With (iss_env) on your prompt, upgrade pip and install InSilicoSeq:

pip install --upgrade pip
pip install insilicoseq

2. Clean up any previous runs

Remove leftover data so you start fresh:

mkdir -p raw_reads/simulated_small
mkdir -p assembly/spades_output

3. Create work directories

mkdir -p raw_reads/simulated_small
mkdir -p assembly/spades_output

4. Obtain or verify the reference genome

4. Obtain (or verify) the reference genome

If you don’t yet have ref_genome.fa in your project root, download and unzip the NCBI RefSeq for E. coli K-12 MG1655:

# (re)download the compressed RefSeq FASTA
wget -O ref_genome.fa.gz \
  ftp://ftp.ncbi.nlm.nih.gov/genomes/all/GCF/000/005/845/\
GCF_000005845.2_ASM584v2/GCF_000005845.2_ASM584v2_genomic.fna.gz

# decompress to plain FASTA
gunzip ref_genome.fa.gz

Once you have ref_genome.fa, verify that it contains the expected header and sequence:

head -n5 ref_genome.fa
# >NC_000913.3 Escherichia coli K-12 substr. MG1655, complete genome
# AGCTTTCATTCTG...      ← looks like DNA sequence
# GATCTGGCAG...  

If you already had ref_genome.fa, just run the head command above to confirm it’s uncompressed and correct.

5. Simulate 500 K paired-end Illumina reads

Use InSilicoSeq’s built-in hiseq error model to generate ~50× coverage:

time iss generate \
  --model hiseq \
  --genomes ref_genome.fa \
  --n_reads 500000 \
  --cpus 8 \
  --output raw_reads/simulated_small

After ~1 min you should see status messages culminating in “Read generation complete.”

Verify the two FASTQs and abundance file:

ls -lh raw_reads/simulated_small_*\.fastq
# raw_reads/simulated_small_R1.fastq   68M
# raw_reads/simulated_small_R2.fastq   68M

ls raw_reads/simulated_small_abundance.txt

6. Assemble with SPAdes

Make sure SPAdes is installed in WSL (sudo apt install spades), then:

spades.py \
  --threads 8 \
  --memory 12 \
  -1 raw_reads/simulated_small_R1.fastq \
  -2 raw_reads/simulated_small_R2.fastq \
  -o assembly/spades_output

When it finishes, your assembled contigs live in:

ls assembly/spades_output/contigs.fasta

7. Inspect your assembly

1. List output files

ls assembly/spades_output

2. Count contigs & view the first one

grep -c "^>" assembly/spades_output/contigs.fasta
head -n5 assembly/spades_output/contigs.fasta

8. Basic assembly statistics

If you have seqkit:

seqkit stats assembly/spades_output/contigs.fasta

This gives you number of contigs, total length, N50, etc.
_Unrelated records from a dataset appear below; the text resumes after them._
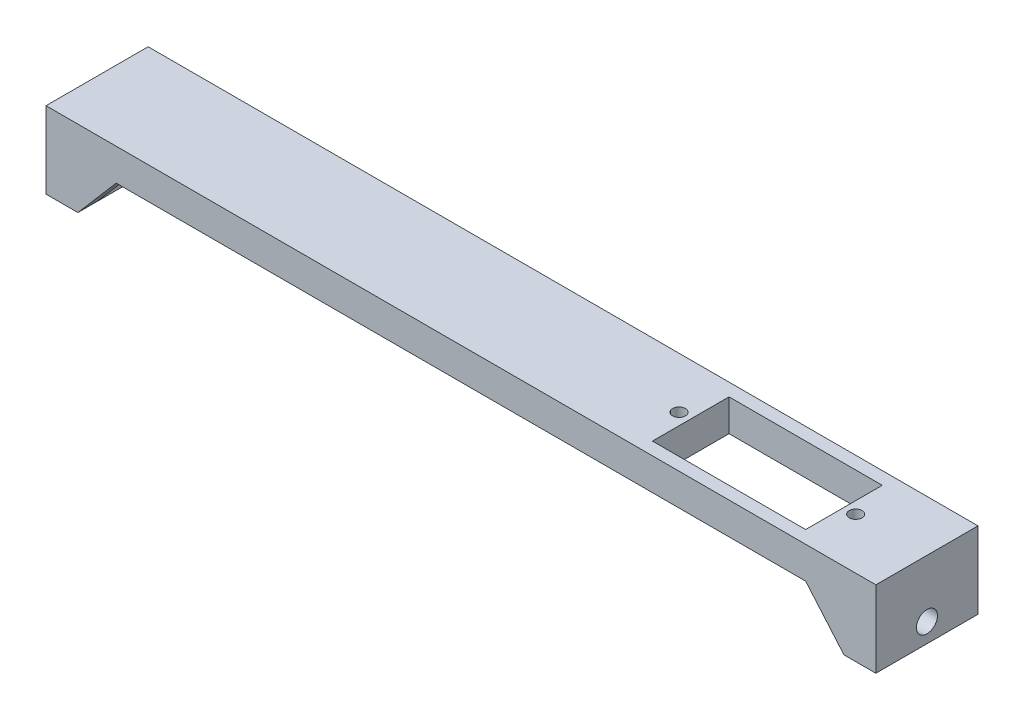
ISO-10303-21;
HEADER;
FILE_DESCRIPTION(('STEP AP214'),'2;1');
FILE_NAME('part.step','',(''),(''),'','','');
FILE_SCHEMA(('AUTOMOTIVE_DESIGN { 1 0 10303 214 1 1 1 1 }'));
ENDSEC;
DATA;
#1=APPLICATION_CONTEXT('core data for automotive mechanical design processes');
#2=APPLICATION_PROTOCOL_DEFINITION('international standard','automotive_design',2000,#1);
#3=PRODUCT_CONTEXT('',#1,'mechanical');
#4=PRODUCT('Part','Part','',(#3));
#5=PRODUCT_RELATED_PRODUCT_CATEGORY('part','',(#4));
#6=PRODUCT_DEFINITION_FORMATION('','',#4);
#7=PRODUCT_DEFINITION_CONTEXT('part definition',#1,'design');
#8=PRODUCT_DEFINITION('design','',#6,#7);
#9=PRODUCT_DEFINITION_SHAPE('','',#8);
#10=(LENGTH_UNIT() NAMED_UNIT(*) SI_UNIT(.MILLI.,.METRE.));
#11=(NAMED_UNIT(*) PLANE_ANGLE_UNIT() SI_UNIT($,.RADIAN.));
#12=(NAMED_UNIT(*) SI_UNIT($,.STERADIAN.) SOLID_ANGLE_UNIT());
#13=UNCERTAINTY_MEASURE_WITH_UNIT(LENGTH_MEASURE(1.E-05),#10,'distance_accuracy_value','');
#14=(GEOMETRIC_REPRESENTATION_CONTEXT(3) GLOBAL_UNCERTAINTY_ASSIGNED_CONTEXT((#13)) GLOBAL_UNIT_ASSIGNED_CONTEXT((#10,
#11,#12)) REPRESENTATION_CONTEXT('',''));
#15=CARTESIAN_POINT('',(0.,0.,0.));
#16=DIRECTION('',(0.,0.,1.));
#17=DIRECTION('',(1.,0.,0.));
#18=AXIS2_PLACEMENT_3D('',#15,#16,#17);
#19=CARTESIAN_POINT('',(60.,-5.00000000000001,16.));
#20=DIRECTION('',(0.,1.,0.));
#21=DIRECTION('',(0.,0.,1.));
#22=AXIS2_PLACEMENT_3D('',#19,#20,#21);
#23=PLANE('',#22);
#24=CARTESIAN_POINT('',(53.835,-5.00000000000001,8.));
#25=DIRECTION('',(0.,-1.,0.));
#26=DIRECTION('',(0.,0.,-1.));
#27=AXIS2_PLACEMENT_3D('',#24,#25,#26);
#28=CIRCLE('',#27,0.999999999999998);
#29=CARTESIAN_POINT('',(53.835,-5.00000000000001,7.));
#30=VERTEX_POINT('',#29);
#31=EDGE_CURVE('E617',#30,#30,#28,.T.);
#32=ORIENTED_EDGE('',*,*,#31,.F.);
#33=EDGE_LOOP('',(#32));
#34=FACE_BOUND('',#33,.T.);
#35=CARTESIAN_POINT('',(26.165,-5.00000000000001,8.));
#36=DIRECTION('',(0.,-1.,0.));
#37=DIRECTION('',(0.,0.,-1.));
#38=AXIS2_PLACEMENT_3D('',#35,#36,#37);
#39=CIRCLE('',#38,1.);
#40=CARTESIAN_POINT('',(26.165,-5.00000000000001,6.99999999999999));
#41=VERTEX_POINT('',#40);
#42=EDGE_CURVE('E185',#41,#41,#39,.T.);
#43=ORIENTED_EDGE('',*,*,#42,.F.);
#44=EDGE_LOOP('',(#43));
#45=FACE_BOUND('',#44,.T.);
#46=DIRECTION('',(-1.,0.,0.));
#47=VECTOR('',#46,1.);
#48=CARTESIAN_POINT('',(52.,-5.00000000000001,14.));
#49=LINE('',#48,#47);
#50=CARTESIAN_POINT('',(52.,-5.00000000000001,14.));
#51=VERTEX_POINT('',#50);
#52=CARTESIAN_POINT('',(28.,-5.00000000000001,14.));
#53=VERTEX_POINT('',#52);
#54=EDGE_CURVE('E191',#51,#53,#49,.T.);
#55=ORIENTED_EDGE('',*,*,#54,.F.);
#56=DIRECTION('',(0.,0.,1.));
#57=VECTOR('',#56,1.);
#58=CARTESIAN_POINT('',(52.,-5.00000000000001,2.));
#59=LINE('',#58,#57);
#60=CARTESIAN_POINT('',(52.,-5.00000000000001,2.));
#61=VERTEX_POINT('',#60);
#62=EDGE_CURVE('E53',#61,#51,#59,.T.);
#63=ORIENTED_EDGE('',*,*,#62,.F.);
#64=DIRECTION('',(-1.,0.,0.));
#65=VECTOR('',#64,1.);
#66=CARTESIAN_POINT('',(52.,-5.00000000000001,2.));
#67=LINE('',#66,#65);
#68=CARTESIAN_POINT('',(28.,-5.00000000000001,2.));
#69=VERTEX_POINT('',#68);
#70=EDGE_CURVE('E179',#61,#69,#67,.T.);
#71=ORIENTED_EDGE('',*,*,#70,.T.);
#72=DIRECTION('',(0.,0.,1.));
#73=VECTOR('',#72,1.);
#74=CARTESIAN_POINT('',(28.,-5.00000000000001,2.));
#75=LINE('',#74,#73);
#76=EDGE_CURVE('E182',#69,#53,#75,.T.);
#77=ORIENTED_EDGE('',*,*,#76,.T.);
#78=EDGE_LOOP('',(#55,#63,#71,#77));
#79=FACE_BOUND('',#78,.T.);
#80=DIRECTION('',(-1.,0.,0.));
#81=VECTOR('',#80,1.);
#82=CARTESIAN_POINT('',(54.,-5.00000000000001,13.));
#83=LINE('',#82,#81);
#84=CARTESIAN_POINT('',(60.,-5.00000000000001,13.));
#85=VERTEX_POINT('',#84);
#86=CARTESIAN_POINT('',(54.,-5.00000000000001,13.));
#87=VERTEX_POINT('',#86);
#88=EDGE_CURVE('E202',#85,#87,#83,.T.);
#89=ORIENTED_EDGE('',*,*,#88,.T.);
#90=DIRECTION('',(0.,0.,1.));
#91=VECTOR('',#90,1.);
#92=CARTESIAN_POINT('',(54.,-5.00000000000001,13.));
#93=LINE('',#92,#91);
#94=CARTESIAN_POINT('',(54.,-5.00000000000001,16.));
#95=VERTEX_POINT('',#94);
#96=EDGE_CURVE('E210',#87,#95,#93,.T.);
#97=ORIENTED_EDGE('',*,*,#96,.T.);
#98=DIRECTION('',(1.,0.,0.));
#99=VECTOR('',#98,1.);
#100=CARTESIAN_POINT('',(60.,-5.00000000000001,16.));
#101=LINE('',#100,#99);
#102=CARTESIAN_POINT('',(-54.,-5.00000000000001,16.));
#103=VERTEX_POINT('',#102);
#104=EDGE_CURVE('E280',#103,#95,#101,.T.);
#105=ORIENTED_EDGE('',*,*,#104,.F.);
#106=DIRECTION('',(0.,0.,1.));
#107=VECTOR('',#106,1.);
#108=CARTESIAN_POINT('',(-54.,-5.00000000000001,13.));
#109=LINE('',#108,#107);
#110=CARTESIAN_POINT('',(-54.,-5.00000000000001,13.));
#111=VERTEX_POINT('',#110);
#112=EDGE_CURVE('E240',#111,#103,#109,.T.);
#113=ORIENTED_EDGE('',*,*,#112,.F.);
#114=DIRECTION('',(1.,0.,0.));
#115=VECTOR('',#114,1.);
#116=CARTESIAN_POINT('',(-54.,-5.00000000000001,13.));
#117=LINE('',#116,#115);
#118=CARTESIAN_POINT('',(-60.,-5.00000000000001,13.));
#119=VERTEX_POINT('',#118);
#120=EDGE_CURVE('E233',#119,#111,#117,.T.);
#121=ORIENTED_EDGE('',*,*,#120,.F.);
#122=DIRECTION('',(0.,0.,-1.));
#123=VECTOR('',#122,1.);
#124=CARTESIAN_POINT('',(-60.,-5.00000000000001,16.));
#125=LINE('',#124,#123);
#126=CARTESIAN_POINT('',(-60.,-5.00000000000001,3.));
#127=VERTEX_POINT('',#126);
#128=EDGE_CURVE('E315',#119,#127,#125,.T.);
#129=ORIENTED_EDGE('',*,*,#128,.T.);
#130=DIRECTION('',(1.,0.,0.));
#131=VECTOR('',#130,1.);
#132=CARTESIAN_POINT('',(-54.,-5.00000000000001,3.));
#133=LINE('',#132,#131);
#134=CARTESIAN_POINT('',(-54.,-5.00000000000001,3.));
#135=VERTEX_POINT('',#134);
#136=EDGE_CURVE('E245',#127,#135,#133,.T.);
#137=ORIENTED_EDGE('',*,*,#136,.T.);
#138=DIRECTION('',(0.,0.,-1.));
#139=VECTOR('',#138,1.);
#140=CARTESIAN_POINT('',(-54.,-5.00000000000001,3.));
#141=LINE('',#140,#139);
#142=CARTESIAN_POINT('',(-54.,-5.,0.));
#143=VERTEX_POINT('',#142);
#144=EDGE_CURVE('E253',#135,#143,#141,.T.);
#145=ORIENTED_EDGE('',*,*,#144,.T.);
#146=DIRECTION('',(1.,0.,0.));
#147=VECTOR('',#146,1.);
#148=CARTESIAN_POINT('',(60.,-5.00000000000001,0.));
#149=LINE('',#148,#147);
#150=CARTESIAN_POINT('',(54.,-5.00000000000002,0.));
#151=VERTEX_POINT('',#150);
#152=EDGE_CURVE('E294',#143,#151,#149,.T.);
#153=ORIENTED_EDGE('',*,*,#152,.T.);
#154=DIRECTION('',(0.,0.,-1.));
#155=VECTOR('',#154,1.);
#156=CARTESIAN_POINT('',(54.,-5.00000000000001,3.));
#157=LINE('',#156,#155);
#158=CARTESIAN_POINT('',(54.,-5.00000000000001,3.));
#159=VERTEX_POINT('',#158);
#160=EDGE_CURVE('E227',#159,#151,#157,.T.);
#161=ORIENTED_EDGE('',*,*,#160,.F.);
#162=DIRECTION('',(-1.,0.,0.));
#163=VECTOR('',#162,1.);
#164=CARTESIAN_POINT('',(54.,-5.00000000000001,3.));
#165=LINE('',#164,#163);
#166=CARTESIAN_POINT('',(60.,-5.00000000000001,3.));
#167=VERTEX_POINT('',#166);
#168=EDGE_CURVE('E215',#167,#159,#165,.T.);
#169=ORIENTED_EDGE('',*,*,#168,.F.);
#170=DIRECTION('',(0.,0.,-1.));
#171=VECTOR('',#170,1.);
#172=CARTESIAN_POINT('',(60.,-5.00000000000001,16.));
#173=LINE('',#172,#171);
#174=EDGE_CURVE('E313',#85,#167,#173,.T.);
#175=ORIENTED_EDGE('',*,*,#174,.F.);
#176=EDGE_LOOP('',(#89,#97,#105,#113,#121,#129,#137,#145,#153,#161,#169,#175));
#177=FACE_BOUND('',#176,.T.);
#178=ADVANCED_FACE('F38',(#34,#45,#79,#177),#23,.F.);
#179=CARTESIAN_POINT('',(-65.,-12.,16.));
#180=DIRECTION('',(1.,0.,0.));
#181=DIRECTION('',(0.,0.,-1.));
#182=AXIS2_PLACEMENT_3D('',#179,#180,#181);
#183=PLANE('',#182);
#184=CARTESIAN_POINT('',(-65.,-8.99999999999999,8.));
#185=DIRECTION('',(1.,0.,0.));
#186=DIRECTION('',(0.,1.,0.));
#187=AXIS2_PLACEMENT_3D('',#184,#185,#186);
#188=CIRCLE('',#187,1.65);
#189=CARTESIAN_POINT('',(-65.,-7.34999999999999,8.));
#190=VERTEX_POINT('',#189);
#191=EDGE_CURVE('E263',#190,#190,#188,.T.);
#192=ORIENTED_EDGE('',*,*,#191,.T.);
#193=EDGE_LOOP('',(#192));
#194=FACE_BOUND('',#193,.T.);
#195=DIRECTION('',(0.,-1.,0.));
#196=VECTOR('',#195,1.);
#197=CARTESIAN_POINT('',(-65.,-12.,0.));
#198=LINE('',#197,#196);
#199=CARTESIAN_POINT('',(-65.,0.,0.));
#200=VERTEX_POINT('',#199);
#201=CARTESIAN_POINT('',(-65.,-12.,0.));
#202=VERTEX_POINT('',#201);
#203=EDGE_CURVE('E272',#200,#202,#198,.T.);
#204=ORIENTED_EDGE('',*,*,#203,.T.);
#205=DIRECTION('',(0.,0.,-1.));
#206=VECTOR('',#205,1.);
#207=CARTESIAN_POINT('',(-65.,-12.,16.));
#208=LINE('',#207,#206);
#209=CARTESIAN_POINT('',(-65.,-12.,16.));
#210=VERTEX_POINT('',#209);
#211=EDGE_CURVE('E11',#210,#202,#208,.T.);
#212=ORIENTED_EDGE('',*,*,#211,.F.);
#213=DIRECTION('',(0.,-1.,0.));
#214=VECTOR('',#213,1.);
#215=CARTESIAN_POINT('',(-65.,-12.,16.));
#216=LINE('',#215,#214);
#217=CARTESIAN_POINT('',(-65.,0.,16.));
#218=VERTEX_POINT('',#217);
#219=EDGE_CURVE('E273',#218,#210,#216,.T.);
#220=ORIENTED_EDGE('',*,*,#219,.F.);
#221=DIRECTION('',(0.,0.,-1.));
#222=VECTOR('',#221,1.);
#223=CARTESIAN_POINT('',(-65.,0.,16.));
#224=LINE('',#223,#222);
#225=EDGE_CURVE('E289',#218,#200,#224,.T.);
#226=ORIENTED_EDGE('',*,*,#225,.T.);
#227=EDGE_LOOP('',(#204,#212,#220,#226));
#228=FACE_BOUND('',#227,.T.);
#229=ADVANCED_FACE('F40',(#194,#228),#183,.F.);
#230=CARTESIAN_POINT('',(-60.,-12.,16.));
#231=DIRECTION('',(0.,1.,0.));
#232=DIRECTION('',(-1.,0.,0.));
#233=AXIS2_PLACEMENT_3D('',#230,#231,#232);
#234=PLANE('',#233);
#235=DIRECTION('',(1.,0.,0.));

9. Evaluate completeness with BUSCO

Install BUSCO if needed (sudo apt install busco), then run:

busco \
  -i assembly/spades_output/contigs.fasta \
  -l bacteria_odb10 \
  -o busco_out \
  -m genome

You’ll see a summary like:

C:100.0% [S:100.0%,D:0.0%], F:0.0%, M:0.0%, n:124
124 Complete BUSCOs (C)

10. (Optional) Assess with QUAST

If QUAST is available:

quast.py \
  assembly/spades_output/contigs.fasta \
  -R ref_genome.fa \
  -o quast_report

Inspect quast_report/report.tsv for N50, genome fraction, misassemblies, etc.


You have now gone from reference genome → synthetic reads → de novo assembly → quality assessment in one reproducible pipeline!